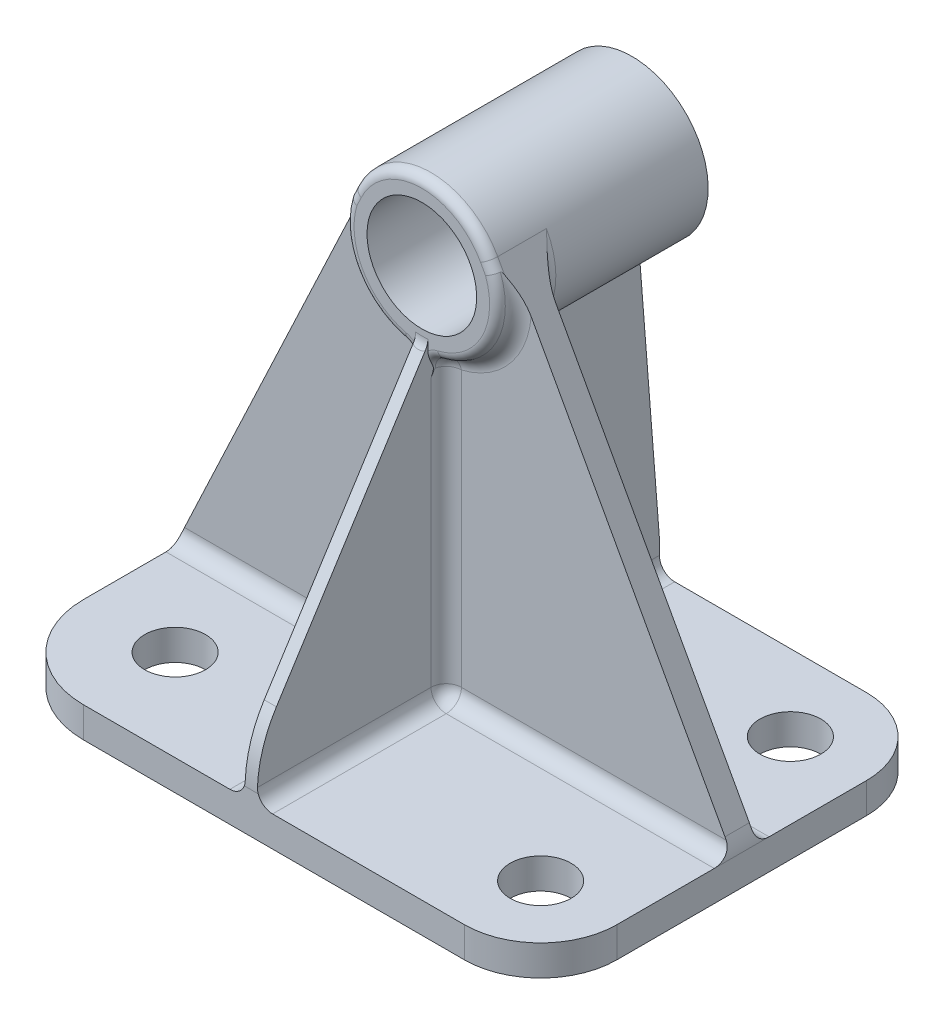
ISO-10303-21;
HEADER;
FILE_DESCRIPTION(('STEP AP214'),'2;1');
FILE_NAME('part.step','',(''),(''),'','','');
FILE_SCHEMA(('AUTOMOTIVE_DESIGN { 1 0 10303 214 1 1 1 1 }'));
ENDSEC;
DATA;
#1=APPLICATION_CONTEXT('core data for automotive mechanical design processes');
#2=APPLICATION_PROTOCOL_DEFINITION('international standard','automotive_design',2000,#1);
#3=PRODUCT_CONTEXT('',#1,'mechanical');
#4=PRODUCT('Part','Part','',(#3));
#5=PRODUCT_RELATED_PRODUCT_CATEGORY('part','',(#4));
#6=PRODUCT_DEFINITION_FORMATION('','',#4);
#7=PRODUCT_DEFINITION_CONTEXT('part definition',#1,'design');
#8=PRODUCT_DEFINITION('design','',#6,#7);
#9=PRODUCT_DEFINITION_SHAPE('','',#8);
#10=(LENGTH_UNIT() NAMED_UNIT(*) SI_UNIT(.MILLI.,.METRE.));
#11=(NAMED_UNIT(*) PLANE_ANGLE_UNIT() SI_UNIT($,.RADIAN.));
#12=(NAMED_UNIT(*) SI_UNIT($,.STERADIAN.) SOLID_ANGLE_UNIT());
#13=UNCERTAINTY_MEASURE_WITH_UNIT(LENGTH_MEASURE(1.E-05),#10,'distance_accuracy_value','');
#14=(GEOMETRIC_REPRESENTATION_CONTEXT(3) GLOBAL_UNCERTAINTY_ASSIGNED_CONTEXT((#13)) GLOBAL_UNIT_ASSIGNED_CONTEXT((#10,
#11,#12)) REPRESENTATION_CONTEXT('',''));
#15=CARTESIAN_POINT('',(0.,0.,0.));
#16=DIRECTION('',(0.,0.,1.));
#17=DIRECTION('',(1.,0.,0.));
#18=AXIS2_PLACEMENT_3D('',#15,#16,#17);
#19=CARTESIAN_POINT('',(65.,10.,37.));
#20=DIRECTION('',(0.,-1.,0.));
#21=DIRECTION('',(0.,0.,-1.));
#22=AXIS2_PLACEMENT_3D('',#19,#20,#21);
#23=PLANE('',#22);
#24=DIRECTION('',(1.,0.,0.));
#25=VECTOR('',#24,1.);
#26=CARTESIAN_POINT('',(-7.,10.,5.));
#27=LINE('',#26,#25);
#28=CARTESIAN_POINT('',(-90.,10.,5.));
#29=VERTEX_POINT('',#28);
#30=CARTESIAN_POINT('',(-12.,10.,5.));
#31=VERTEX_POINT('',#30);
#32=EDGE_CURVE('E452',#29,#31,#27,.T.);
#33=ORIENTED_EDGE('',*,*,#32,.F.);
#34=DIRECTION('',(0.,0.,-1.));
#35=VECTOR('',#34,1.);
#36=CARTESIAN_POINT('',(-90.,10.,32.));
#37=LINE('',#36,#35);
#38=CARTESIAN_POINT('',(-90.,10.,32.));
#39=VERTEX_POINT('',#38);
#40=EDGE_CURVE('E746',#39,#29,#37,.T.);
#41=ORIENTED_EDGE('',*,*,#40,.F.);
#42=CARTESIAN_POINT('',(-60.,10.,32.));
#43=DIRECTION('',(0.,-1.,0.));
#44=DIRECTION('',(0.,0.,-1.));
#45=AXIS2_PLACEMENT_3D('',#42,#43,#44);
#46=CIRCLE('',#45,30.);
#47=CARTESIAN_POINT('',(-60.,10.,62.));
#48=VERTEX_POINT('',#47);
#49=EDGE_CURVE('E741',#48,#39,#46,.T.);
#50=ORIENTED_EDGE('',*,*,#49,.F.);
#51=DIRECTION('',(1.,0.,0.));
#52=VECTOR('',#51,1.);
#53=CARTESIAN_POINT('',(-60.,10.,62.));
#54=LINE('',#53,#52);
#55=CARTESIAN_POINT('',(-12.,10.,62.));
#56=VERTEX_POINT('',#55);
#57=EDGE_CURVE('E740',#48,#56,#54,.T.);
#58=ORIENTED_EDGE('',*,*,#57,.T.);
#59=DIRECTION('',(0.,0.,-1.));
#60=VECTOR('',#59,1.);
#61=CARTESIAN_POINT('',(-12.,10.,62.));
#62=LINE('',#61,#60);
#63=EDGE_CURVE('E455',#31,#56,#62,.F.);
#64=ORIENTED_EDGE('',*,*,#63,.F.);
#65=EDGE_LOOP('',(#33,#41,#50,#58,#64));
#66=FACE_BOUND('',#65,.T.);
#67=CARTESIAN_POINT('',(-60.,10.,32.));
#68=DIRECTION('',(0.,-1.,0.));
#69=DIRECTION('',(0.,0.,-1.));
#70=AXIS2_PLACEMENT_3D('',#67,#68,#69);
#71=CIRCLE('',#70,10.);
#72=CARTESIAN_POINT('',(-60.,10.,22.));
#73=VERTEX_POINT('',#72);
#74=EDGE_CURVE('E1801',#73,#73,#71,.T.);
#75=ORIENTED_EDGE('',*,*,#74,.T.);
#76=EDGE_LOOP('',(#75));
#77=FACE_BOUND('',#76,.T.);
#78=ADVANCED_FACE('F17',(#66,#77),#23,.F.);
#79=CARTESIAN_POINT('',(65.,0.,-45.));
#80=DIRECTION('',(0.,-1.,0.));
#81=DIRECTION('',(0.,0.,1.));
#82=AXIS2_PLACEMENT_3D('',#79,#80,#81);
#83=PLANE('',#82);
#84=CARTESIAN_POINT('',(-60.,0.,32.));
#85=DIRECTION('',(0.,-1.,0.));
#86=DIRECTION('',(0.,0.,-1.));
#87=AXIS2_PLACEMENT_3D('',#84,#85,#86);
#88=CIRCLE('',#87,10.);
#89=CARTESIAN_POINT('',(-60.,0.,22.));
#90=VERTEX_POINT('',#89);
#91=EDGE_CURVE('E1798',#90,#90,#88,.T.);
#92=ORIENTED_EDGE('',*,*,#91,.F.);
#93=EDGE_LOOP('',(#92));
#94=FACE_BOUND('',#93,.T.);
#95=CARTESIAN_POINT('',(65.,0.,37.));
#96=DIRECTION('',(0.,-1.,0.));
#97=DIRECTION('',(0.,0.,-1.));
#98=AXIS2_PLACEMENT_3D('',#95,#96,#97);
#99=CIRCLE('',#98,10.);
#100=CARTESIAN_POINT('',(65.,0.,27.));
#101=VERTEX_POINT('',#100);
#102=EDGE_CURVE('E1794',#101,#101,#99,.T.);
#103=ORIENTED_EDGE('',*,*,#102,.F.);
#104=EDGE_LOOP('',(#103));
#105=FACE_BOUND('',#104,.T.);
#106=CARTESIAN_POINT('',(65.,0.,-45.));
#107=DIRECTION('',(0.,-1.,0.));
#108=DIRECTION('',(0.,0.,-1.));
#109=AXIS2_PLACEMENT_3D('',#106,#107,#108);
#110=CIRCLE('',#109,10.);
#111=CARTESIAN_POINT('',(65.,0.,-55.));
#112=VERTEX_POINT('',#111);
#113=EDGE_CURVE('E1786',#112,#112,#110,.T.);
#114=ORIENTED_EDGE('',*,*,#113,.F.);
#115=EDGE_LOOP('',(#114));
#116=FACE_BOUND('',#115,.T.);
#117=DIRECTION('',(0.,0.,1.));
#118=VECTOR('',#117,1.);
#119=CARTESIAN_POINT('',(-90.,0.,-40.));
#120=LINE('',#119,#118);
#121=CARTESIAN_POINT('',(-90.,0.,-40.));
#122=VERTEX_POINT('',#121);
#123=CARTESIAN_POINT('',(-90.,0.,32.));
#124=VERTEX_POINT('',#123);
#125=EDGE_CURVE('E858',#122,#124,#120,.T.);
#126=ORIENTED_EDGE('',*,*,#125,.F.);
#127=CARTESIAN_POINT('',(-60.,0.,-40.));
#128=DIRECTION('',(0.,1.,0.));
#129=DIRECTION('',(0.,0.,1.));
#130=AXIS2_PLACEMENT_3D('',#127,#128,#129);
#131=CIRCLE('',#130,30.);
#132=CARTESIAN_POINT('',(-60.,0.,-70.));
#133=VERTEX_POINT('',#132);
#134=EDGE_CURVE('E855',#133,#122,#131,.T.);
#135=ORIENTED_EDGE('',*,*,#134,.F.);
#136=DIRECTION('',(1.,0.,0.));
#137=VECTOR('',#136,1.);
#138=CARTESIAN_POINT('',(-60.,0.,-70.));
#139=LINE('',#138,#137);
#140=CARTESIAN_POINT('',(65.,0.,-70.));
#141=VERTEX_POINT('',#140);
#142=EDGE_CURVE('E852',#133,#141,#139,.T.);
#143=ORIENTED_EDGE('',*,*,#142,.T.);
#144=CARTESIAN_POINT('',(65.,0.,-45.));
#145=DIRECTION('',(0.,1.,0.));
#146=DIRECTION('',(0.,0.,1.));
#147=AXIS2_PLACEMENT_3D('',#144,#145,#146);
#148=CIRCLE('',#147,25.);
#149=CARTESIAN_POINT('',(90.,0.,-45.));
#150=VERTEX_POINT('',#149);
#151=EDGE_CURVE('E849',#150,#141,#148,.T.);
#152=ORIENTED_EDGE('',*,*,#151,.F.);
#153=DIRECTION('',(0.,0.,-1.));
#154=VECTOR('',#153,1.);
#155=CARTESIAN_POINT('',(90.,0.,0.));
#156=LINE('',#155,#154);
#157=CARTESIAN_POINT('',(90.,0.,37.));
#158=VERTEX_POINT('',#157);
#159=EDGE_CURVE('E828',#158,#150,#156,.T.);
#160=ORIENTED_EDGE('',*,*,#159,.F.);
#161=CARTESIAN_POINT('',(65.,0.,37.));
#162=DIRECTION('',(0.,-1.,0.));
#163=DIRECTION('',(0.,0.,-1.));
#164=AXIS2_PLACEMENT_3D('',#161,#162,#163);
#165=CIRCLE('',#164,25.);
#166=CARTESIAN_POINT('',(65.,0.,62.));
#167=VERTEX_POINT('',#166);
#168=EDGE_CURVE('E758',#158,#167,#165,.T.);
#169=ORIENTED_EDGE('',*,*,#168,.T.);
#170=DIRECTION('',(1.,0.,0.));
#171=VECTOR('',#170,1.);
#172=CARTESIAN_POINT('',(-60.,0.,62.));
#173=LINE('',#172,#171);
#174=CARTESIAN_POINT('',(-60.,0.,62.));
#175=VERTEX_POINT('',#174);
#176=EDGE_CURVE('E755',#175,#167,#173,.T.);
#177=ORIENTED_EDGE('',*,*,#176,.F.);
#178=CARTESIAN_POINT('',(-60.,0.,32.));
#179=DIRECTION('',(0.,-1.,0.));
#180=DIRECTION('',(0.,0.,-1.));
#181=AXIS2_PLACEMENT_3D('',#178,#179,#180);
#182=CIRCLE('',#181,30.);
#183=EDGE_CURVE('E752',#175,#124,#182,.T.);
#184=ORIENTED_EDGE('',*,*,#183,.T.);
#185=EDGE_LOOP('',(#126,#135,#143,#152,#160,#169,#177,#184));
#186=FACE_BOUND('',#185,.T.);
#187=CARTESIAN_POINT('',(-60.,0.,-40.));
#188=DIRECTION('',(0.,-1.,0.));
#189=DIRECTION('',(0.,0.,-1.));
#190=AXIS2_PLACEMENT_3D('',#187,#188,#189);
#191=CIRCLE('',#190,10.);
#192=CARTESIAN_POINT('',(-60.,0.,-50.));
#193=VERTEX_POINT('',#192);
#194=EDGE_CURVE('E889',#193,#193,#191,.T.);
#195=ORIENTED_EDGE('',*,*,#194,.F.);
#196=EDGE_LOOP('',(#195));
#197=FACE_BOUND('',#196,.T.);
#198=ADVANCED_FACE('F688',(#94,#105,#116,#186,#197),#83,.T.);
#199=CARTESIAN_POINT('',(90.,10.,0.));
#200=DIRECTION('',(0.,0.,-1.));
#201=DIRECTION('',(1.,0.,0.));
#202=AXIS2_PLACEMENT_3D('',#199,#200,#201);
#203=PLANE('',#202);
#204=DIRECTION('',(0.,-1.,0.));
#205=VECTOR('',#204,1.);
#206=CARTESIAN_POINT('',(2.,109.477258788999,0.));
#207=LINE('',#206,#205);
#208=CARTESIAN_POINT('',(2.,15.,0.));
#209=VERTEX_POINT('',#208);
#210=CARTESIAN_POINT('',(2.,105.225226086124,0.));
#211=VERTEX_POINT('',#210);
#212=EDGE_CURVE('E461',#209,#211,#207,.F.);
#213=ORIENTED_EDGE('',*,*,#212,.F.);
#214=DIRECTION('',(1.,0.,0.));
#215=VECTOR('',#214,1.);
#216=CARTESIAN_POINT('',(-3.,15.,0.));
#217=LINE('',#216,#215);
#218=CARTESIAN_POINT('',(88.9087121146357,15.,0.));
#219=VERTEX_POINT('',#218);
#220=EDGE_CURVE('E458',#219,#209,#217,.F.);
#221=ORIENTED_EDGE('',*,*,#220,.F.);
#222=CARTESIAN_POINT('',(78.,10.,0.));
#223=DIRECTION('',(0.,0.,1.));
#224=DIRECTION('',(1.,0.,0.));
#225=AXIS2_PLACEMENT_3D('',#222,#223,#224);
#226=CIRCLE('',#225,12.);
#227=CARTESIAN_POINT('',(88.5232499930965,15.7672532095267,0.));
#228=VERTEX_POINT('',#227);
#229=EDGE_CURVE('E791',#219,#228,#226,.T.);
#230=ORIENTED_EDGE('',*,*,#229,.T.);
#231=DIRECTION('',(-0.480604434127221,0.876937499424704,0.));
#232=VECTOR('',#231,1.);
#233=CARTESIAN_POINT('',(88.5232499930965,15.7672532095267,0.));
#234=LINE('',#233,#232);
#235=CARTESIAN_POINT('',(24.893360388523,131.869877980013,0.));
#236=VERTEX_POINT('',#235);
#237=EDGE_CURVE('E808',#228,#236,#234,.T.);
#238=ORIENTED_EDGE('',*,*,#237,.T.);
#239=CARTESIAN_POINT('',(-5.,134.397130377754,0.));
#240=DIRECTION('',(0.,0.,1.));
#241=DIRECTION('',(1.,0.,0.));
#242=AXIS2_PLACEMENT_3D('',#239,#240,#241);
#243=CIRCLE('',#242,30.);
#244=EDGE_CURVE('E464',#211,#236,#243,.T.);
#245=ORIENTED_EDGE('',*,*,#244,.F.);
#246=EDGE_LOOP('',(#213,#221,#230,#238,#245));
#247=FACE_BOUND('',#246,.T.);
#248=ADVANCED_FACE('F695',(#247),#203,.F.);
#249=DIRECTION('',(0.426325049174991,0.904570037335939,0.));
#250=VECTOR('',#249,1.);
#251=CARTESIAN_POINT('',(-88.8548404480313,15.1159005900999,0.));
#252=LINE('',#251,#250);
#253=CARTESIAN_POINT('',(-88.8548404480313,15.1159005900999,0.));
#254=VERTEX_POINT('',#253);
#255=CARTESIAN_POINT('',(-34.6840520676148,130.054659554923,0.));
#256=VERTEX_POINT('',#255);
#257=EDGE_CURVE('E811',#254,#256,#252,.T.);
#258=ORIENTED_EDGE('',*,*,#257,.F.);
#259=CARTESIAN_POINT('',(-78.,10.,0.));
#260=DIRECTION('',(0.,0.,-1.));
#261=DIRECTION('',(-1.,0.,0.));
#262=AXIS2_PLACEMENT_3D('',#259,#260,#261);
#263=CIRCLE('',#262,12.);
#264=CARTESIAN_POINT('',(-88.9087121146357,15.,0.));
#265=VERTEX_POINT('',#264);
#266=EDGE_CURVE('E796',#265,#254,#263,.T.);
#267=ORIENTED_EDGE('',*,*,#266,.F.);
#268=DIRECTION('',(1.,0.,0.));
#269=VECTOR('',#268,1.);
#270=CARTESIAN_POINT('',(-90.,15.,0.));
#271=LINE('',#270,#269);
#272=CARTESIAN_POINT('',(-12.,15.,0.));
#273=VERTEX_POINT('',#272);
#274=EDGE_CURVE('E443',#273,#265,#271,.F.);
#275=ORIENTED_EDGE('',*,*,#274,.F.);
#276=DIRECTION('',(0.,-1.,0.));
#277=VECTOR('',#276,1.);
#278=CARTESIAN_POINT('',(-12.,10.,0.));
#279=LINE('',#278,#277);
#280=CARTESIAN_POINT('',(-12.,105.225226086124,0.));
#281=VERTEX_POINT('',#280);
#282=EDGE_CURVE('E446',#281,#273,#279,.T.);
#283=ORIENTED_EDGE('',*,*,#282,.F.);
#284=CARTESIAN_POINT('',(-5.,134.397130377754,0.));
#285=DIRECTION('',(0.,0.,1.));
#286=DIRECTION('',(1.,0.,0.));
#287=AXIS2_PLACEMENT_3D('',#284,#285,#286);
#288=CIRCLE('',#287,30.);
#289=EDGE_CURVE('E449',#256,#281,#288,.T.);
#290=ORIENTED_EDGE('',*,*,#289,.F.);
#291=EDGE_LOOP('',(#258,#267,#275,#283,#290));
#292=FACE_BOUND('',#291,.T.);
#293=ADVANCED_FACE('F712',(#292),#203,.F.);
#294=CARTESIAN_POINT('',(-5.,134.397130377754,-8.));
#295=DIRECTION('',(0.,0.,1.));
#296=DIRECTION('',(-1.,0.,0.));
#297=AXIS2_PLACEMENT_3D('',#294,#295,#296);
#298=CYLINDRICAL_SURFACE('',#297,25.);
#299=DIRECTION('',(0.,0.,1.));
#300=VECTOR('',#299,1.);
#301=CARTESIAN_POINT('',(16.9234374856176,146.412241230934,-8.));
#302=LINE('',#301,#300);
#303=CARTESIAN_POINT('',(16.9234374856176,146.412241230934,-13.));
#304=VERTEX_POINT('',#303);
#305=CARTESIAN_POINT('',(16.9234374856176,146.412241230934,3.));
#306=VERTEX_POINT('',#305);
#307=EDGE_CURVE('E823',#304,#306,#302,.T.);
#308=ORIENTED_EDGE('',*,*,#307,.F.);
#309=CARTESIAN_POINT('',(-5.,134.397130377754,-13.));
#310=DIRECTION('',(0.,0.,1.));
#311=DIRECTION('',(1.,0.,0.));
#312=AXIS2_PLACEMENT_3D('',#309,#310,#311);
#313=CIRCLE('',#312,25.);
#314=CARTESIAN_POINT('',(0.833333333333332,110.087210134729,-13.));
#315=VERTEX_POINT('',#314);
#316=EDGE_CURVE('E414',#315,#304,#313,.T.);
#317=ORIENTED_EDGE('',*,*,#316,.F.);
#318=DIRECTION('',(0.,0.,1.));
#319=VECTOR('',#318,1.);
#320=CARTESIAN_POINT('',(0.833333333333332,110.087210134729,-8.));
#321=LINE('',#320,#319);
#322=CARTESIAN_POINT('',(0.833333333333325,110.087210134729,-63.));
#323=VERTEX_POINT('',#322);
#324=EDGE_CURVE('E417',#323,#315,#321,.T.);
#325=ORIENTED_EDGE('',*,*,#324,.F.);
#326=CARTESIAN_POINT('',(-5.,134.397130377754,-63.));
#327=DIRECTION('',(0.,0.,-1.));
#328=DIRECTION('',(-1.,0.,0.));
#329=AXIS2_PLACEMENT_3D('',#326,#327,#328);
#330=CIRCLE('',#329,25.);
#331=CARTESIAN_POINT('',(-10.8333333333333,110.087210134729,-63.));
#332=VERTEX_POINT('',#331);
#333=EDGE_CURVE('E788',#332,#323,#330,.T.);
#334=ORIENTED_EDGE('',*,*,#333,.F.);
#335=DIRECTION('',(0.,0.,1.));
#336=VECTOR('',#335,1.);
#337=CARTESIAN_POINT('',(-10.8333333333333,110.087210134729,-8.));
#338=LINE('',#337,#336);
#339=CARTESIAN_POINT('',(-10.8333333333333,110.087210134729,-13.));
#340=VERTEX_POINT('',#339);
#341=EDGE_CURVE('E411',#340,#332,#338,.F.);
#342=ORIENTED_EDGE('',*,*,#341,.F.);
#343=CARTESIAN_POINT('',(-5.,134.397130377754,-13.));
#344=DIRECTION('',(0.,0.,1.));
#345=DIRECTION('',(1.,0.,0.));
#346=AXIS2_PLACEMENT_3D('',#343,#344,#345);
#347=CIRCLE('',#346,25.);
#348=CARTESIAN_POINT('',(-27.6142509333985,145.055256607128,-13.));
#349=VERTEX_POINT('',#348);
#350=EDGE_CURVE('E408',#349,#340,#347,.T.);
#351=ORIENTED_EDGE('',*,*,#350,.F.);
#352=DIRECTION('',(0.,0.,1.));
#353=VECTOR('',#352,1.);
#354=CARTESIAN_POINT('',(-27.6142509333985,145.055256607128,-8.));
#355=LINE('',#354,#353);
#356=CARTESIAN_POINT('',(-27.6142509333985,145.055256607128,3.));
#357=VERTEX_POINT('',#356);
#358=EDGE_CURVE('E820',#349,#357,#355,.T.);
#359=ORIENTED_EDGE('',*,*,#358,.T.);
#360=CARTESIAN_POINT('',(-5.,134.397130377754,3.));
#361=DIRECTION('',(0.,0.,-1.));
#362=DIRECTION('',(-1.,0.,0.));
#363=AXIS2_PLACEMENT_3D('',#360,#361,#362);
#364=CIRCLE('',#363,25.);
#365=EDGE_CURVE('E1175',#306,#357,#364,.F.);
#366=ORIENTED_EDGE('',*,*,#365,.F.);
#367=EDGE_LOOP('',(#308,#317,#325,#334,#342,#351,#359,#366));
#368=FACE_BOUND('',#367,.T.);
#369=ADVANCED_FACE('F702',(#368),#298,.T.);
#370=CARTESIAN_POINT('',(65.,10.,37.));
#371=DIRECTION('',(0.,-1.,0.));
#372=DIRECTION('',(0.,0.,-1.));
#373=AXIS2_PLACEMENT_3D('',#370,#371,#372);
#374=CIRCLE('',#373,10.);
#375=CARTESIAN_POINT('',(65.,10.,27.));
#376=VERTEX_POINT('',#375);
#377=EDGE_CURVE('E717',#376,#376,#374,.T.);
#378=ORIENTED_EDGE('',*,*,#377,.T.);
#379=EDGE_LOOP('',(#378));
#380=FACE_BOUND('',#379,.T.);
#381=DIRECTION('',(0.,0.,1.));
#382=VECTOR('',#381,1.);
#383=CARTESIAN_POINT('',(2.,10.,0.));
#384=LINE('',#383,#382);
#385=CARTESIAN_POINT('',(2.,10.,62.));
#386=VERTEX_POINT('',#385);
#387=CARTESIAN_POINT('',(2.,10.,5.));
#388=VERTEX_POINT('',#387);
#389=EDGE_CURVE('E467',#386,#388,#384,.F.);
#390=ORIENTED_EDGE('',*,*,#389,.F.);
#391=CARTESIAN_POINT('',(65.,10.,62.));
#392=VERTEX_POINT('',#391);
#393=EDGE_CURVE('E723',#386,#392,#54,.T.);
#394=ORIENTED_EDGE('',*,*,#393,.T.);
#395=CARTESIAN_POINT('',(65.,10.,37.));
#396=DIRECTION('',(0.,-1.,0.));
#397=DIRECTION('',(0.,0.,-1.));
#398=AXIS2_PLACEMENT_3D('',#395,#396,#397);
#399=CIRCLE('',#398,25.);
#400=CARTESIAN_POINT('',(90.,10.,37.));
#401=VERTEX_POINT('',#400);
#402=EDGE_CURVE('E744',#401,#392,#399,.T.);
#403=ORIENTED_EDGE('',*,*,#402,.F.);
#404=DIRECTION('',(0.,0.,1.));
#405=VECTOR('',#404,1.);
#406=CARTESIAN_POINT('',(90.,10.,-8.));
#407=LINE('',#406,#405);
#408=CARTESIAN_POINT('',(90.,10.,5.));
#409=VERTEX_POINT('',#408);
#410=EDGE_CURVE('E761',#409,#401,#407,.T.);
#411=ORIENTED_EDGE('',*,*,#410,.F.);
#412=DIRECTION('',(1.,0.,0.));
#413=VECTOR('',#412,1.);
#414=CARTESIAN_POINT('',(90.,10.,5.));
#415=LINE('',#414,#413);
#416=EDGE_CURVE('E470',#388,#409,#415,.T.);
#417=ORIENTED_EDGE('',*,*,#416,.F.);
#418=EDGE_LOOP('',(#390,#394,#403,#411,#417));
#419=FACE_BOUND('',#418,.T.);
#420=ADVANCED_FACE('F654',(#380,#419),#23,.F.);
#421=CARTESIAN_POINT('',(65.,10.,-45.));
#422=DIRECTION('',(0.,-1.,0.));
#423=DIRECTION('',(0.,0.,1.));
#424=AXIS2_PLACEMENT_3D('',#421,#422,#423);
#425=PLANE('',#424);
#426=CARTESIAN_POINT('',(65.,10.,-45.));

_ _ _ _

Please make an exact copy of the lines above from the line with "#11,#12)) REPRESENTATION_CONTEXT('',''));" through the line with "#50=ORIENTED_EDGE('',*,*,#49,.F.);", both ends included.

#11,#12)) REPRESENTATION_CONTEXT('',''));
#15=CARTESIAN_POINT('',(0.,0.,0.));
#16=DIRECTION('',(0.,0.,1.));
#17=DIRECTION('',(1.,0.,0.));
#18=AXIS2_PLACEMENT_3D('',#15,#16,#17);
#19=CARTESIAN_POINT('',(65.,10.,37.));
#20=DIRECTION('',(0.,-1.,0.));
#21=DIRECTION('',(0.,0.,-1.));
#22=AXIS2_PLACEMENT_3D('',#19,#20,#21);
#23=PLANE('',#22);
#24=DIRECTION('',(1.,0.,0.));
#25=VECTOR('',#24,1.);
#26=CARTESIAN_POINT('',(-7.,10.,5.));
#27=LINE('',#26,#25);
#28=CARTESIAN_POINT('',(-90.,10.,5.));
#29=VERTEX_POINT('',#28);
#30=CARTESIAN_POINT('',(-12.,10.,5.));
#31=VERTEX_POINT('',#30);
#32=EDGE_CURVE('E452',#29,#31,#27,.T.);
#33=ORIENTED_EDGE('',*,*,#32,.F.);
#34=DIRECTION('',(0.,0.,-1.));
#35=VECTOR('',#34,1.);
#36=CARTESIAN_POINT('',(-90.,10.,32.));
#37=LINE('',#36,#35);
#38=CARTESIAN_POINT('',(-90.,10.,32.));
#39=VERTEX_POINT('',#38);
#40=EDGE_CURVE('E746',#39,#29,#37,.T.);
#41=ORIENTED_EDGE('',*,*,#40,.F.);
#42=CARTESIAN_POINT('',(-60.,10.,32.));
#43=DIRECTION('',(0.,-1.,0.));
#44=DIRECTION('',(0.,0.,-1.));
#45=AXIS2_PLACEMENT_3D('',#42,#43,#44);
#46=CIRCLE('',#45,30.);
#47=CARTESIAN_POINT('',(-60.,10.,62.));
#48=VERTEX_POINT('',#47);
#49=EDGE_CURVE('E741',#48,#39,#46,.T.);
#50=ORIENTED_EDGE('',*,*,#49,.F.);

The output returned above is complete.